[[ Extracted entries open ]]

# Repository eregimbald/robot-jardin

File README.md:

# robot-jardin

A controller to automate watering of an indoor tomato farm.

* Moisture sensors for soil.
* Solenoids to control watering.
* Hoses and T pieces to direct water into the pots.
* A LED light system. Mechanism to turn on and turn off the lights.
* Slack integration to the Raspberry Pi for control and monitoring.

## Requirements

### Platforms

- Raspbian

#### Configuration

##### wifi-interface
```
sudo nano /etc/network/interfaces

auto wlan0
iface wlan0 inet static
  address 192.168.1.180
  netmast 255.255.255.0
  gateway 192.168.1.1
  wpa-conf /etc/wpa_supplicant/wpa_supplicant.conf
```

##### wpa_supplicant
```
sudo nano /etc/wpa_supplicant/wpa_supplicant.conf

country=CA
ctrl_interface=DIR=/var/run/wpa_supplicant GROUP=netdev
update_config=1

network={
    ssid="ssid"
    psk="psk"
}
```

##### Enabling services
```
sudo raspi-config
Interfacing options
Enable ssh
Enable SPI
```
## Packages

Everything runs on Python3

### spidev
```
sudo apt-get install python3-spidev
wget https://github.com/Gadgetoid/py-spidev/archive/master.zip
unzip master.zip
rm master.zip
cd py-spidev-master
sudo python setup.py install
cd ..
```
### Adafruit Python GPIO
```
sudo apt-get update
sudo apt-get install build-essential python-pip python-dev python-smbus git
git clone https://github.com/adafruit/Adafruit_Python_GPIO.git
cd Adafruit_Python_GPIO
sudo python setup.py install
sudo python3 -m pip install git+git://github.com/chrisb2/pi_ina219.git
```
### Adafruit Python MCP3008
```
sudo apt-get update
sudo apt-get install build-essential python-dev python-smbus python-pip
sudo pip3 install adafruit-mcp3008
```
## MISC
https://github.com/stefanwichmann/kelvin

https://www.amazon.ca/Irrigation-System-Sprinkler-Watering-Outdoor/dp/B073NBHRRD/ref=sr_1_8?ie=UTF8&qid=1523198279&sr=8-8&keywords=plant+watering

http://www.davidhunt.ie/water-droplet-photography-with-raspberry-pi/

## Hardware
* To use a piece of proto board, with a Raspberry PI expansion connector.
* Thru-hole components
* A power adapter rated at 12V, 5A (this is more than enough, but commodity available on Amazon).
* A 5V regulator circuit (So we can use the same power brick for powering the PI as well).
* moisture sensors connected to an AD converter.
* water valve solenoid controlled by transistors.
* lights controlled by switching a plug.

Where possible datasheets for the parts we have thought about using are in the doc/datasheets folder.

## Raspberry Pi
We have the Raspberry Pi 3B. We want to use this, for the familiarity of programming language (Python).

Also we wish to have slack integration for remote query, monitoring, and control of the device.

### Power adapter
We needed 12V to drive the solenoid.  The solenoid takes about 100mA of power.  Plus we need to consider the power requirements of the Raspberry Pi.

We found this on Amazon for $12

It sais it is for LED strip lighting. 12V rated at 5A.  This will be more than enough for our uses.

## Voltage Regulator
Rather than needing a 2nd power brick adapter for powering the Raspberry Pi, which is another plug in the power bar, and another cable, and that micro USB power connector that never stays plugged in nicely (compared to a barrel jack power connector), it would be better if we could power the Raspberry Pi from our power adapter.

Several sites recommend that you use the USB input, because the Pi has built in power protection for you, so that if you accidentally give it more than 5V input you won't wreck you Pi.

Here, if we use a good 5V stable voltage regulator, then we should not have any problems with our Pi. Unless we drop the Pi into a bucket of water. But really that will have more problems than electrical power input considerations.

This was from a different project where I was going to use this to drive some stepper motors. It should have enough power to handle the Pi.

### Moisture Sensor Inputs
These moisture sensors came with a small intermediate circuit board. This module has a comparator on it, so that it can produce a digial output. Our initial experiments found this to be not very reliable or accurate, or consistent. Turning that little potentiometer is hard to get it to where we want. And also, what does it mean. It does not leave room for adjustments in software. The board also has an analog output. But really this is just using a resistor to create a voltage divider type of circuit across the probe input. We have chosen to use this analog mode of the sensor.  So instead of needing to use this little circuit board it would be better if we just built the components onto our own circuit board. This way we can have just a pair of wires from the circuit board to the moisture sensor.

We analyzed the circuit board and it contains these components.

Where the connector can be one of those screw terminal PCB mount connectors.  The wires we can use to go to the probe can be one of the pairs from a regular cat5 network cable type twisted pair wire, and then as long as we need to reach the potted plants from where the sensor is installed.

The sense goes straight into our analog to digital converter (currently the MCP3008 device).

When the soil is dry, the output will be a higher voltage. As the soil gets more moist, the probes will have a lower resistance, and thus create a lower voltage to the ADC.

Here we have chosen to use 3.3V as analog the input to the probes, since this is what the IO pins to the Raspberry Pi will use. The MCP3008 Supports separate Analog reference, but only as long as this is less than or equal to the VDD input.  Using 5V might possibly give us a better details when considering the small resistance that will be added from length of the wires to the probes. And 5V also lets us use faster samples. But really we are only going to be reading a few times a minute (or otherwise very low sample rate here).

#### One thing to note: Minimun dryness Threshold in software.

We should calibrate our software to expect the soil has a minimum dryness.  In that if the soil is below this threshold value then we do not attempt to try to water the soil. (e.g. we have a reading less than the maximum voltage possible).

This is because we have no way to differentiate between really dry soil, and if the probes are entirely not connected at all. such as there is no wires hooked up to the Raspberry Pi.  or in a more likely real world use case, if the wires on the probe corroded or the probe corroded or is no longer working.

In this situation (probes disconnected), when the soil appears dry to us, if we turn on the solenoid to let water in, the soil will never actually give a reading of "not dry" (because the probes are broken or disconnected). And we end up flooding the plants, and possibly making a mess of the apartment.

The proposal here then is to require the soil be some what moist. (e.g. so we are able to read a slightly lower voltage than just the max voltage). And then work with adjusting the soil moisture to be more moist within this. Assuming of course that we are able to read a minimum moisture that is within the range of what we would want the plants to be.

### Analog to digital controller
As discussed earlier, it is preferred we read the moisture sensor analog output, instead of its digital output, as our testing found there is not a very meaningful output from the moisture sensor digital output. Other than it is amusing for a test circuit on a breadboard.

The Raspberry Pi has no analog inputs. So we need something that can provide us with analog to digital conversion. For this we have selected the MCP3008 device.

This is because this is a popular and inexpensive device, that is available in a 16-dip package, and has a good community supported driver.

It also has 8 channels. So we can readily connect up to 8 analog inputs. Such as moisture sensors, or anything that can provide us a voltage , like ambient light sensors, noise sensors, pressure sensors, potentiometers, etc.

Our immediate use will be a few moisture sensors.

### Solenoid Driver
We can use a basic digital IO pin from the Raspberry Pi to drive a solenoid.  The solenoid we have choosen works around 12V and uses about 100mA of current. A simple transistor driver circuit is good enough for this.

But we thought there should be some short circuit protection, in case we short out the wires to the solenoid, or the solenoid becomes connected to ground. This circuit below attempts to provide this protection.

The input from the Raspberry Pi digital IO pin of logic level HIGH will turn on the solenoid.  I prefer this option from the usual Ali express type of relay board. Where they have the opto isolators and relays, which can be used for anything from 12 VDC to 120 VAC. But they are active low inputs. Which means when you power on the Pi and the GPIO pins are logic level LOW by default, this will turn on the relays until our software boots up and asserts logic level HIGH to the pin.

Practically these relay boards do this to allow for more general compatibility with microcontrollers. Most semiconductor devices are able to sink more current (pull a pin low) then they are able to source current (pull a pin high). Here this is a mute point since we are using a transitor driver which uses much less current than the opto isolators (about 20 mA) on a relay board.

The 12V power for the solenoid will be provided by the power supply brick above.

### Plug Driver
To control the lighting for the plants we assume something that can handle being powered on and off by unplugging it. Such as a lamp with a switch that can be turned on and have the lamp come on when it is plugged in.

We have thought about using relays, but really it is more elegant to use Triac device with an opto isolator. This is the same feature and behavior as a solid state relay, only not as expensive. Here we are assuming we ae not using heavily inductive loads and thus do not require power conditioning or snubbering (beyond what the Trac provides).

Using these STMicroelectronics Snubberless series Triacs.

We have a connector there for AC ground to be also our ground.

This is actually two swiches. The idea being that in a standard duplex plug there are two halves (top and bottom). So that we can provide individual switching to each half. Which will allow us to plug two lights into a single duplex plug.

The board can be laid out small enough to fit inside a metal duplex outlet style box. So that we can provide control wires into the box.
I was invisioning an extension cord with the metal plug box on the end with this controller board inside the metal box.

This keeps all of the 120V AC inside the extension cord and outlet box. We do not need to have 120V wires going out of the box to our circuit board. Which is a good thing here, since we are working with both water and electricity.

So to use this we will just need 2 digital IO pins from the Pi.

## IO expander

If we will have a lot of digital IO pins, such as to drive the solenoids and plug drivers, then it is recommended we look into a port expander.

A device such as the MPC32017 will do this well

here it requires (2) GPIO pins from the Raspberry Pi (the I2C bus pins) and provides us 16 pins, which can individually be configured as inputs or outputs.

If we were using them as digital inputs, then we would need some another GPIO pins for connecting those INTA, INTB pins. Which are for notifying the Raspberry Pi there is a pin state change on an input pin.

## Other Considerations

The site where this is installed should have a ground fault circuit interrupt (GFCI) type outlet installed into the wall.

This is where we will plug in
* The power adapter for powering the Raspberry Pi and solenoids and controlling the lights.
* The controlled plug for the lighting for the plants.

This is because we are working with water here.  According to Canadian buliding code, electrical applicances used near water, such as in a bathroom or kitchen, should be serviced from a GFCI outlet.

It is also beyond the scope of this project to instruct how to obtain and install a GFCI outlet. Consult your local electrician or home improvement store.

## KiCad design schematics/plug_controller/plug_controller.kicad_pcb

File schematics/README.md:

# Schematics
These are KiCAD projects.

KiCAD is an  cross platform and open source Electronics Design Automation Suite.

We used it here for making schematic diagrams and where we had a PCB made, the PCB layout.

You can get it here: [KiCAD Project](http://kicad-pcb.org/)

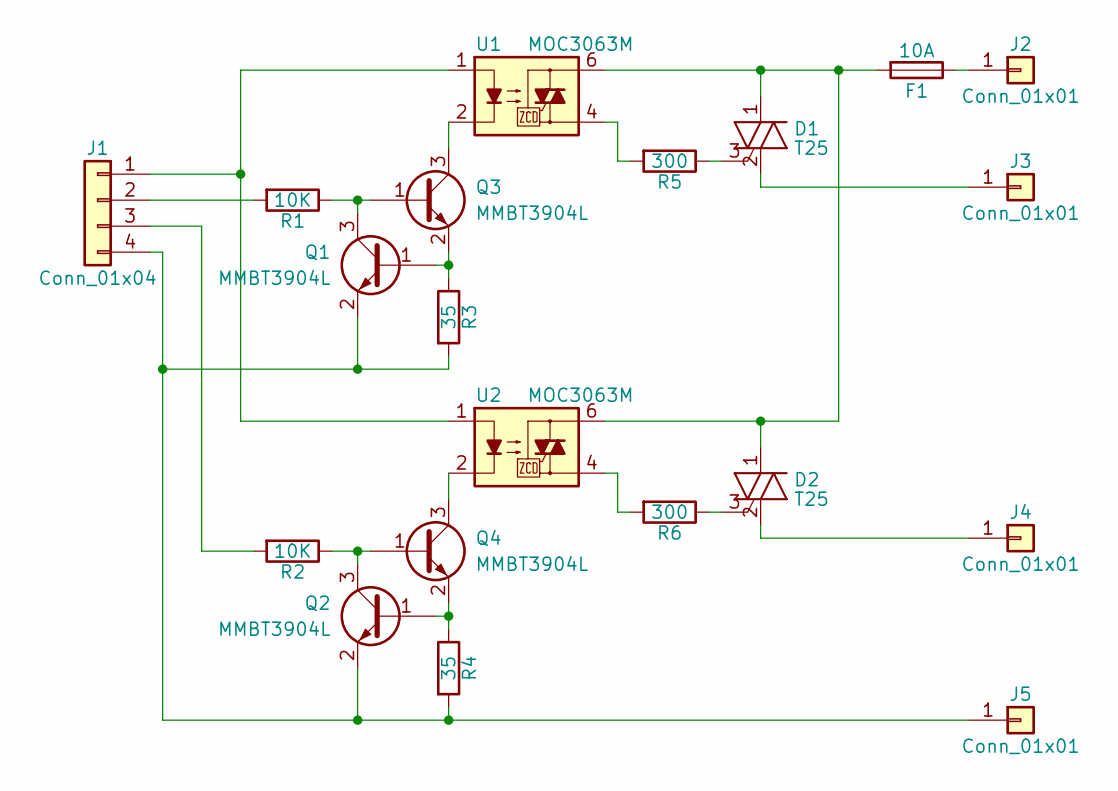
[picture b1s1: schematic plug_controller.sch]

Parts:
D1, D2: T25; D2PAK
F1: 10A; Fuseholder5x20_horiz_open_inline_Type-I
J1: Conn_01x04; Molex_KK-6410-04_04x2.54mm_Straight
J2, J3, J4, J5: Conn_01x01; TAB_0.250_SOLDER
Q1, Q2, Q3, Q4: MMBT3904L; SOT-23
R1, R2: 10K; R_0603
R3, R4: 35; R_0603
R5, R6: 300; R_0603
U1, U2: MOC3063M; 6-SMD_Gullwing

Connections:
unnamed: D1.1 (A1), D2.1 (A1), F1.2, U1.6, U2.6
unnamed: D1.2 (A2), J3.1
unnamed: D1.3 (G), R5.1
unnamed: D2.2 (A2), J4.1
unnamed: D2.3 (G), R6.1
unnamed: F1.1, J2.1
unnamed: J1.1, U1.1, U2.1
unnamed: J1.2, R1.2
unnamed: J1.3, R2.2
unnamed: J1.4, J5.1, Q1.2 (E), Q2.2 (E), R3.2, R4.2
unnamed: Q1.1 (B), Q3.2 (E), R3.1
unnamed: Q1.3 (C), Q3.1 (B), R1.1
unnamed: Q2.1 (B), Q4.2 (E), R4.1
unnamed: Q2.3 (C), Q4.1 (B), R2.1
unnamed: Q3.3 (C), U1.2
unnamed: Q4.3 (C), U2.2
unnamed: R5.2, U1.4
unnamed: R6.2, U2.4

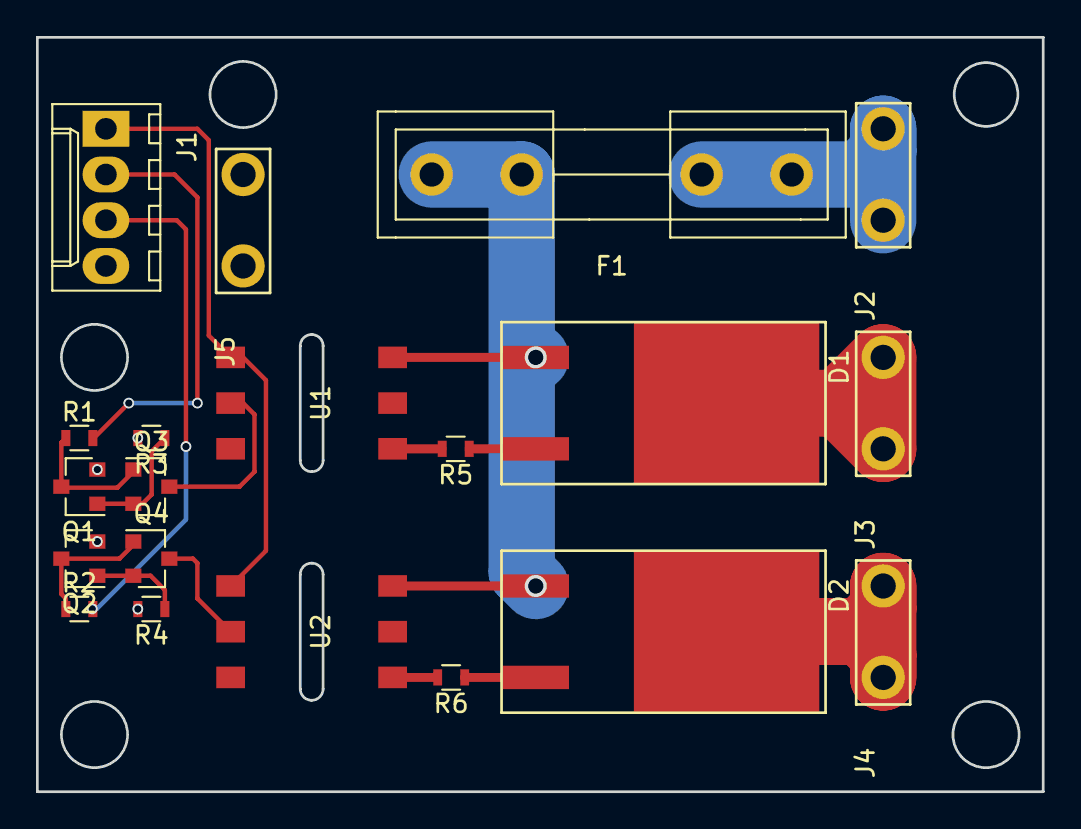
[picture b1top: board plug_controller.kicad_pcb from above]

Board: 2 copper layers, 55.9 x 41.9 mm, 20 parts (0 on the bottom side), 18 nets.

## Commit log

2018-04-13 readme updates
2018-04-13 Readme update
2018-04-14 create a concept picture
2018-04-15 do some design documentation.
    some schematics
    finding datasheets for the components we were thinking about using
    pictures of the schematics in the README.
2018-04-15 small edits after proof reading
2018-04-29 update footprints as assembling first design.
    The triac pins were reversed.
    The fuse footprints were not the holders i have.
    The resistor between optotriac and triac should be larger.

[[ Extracted entries closed ]]

- _Task directions_
Check each line of the listing above for the string "https", and report how many lines contain it, as a number alone.

- _Written response_
4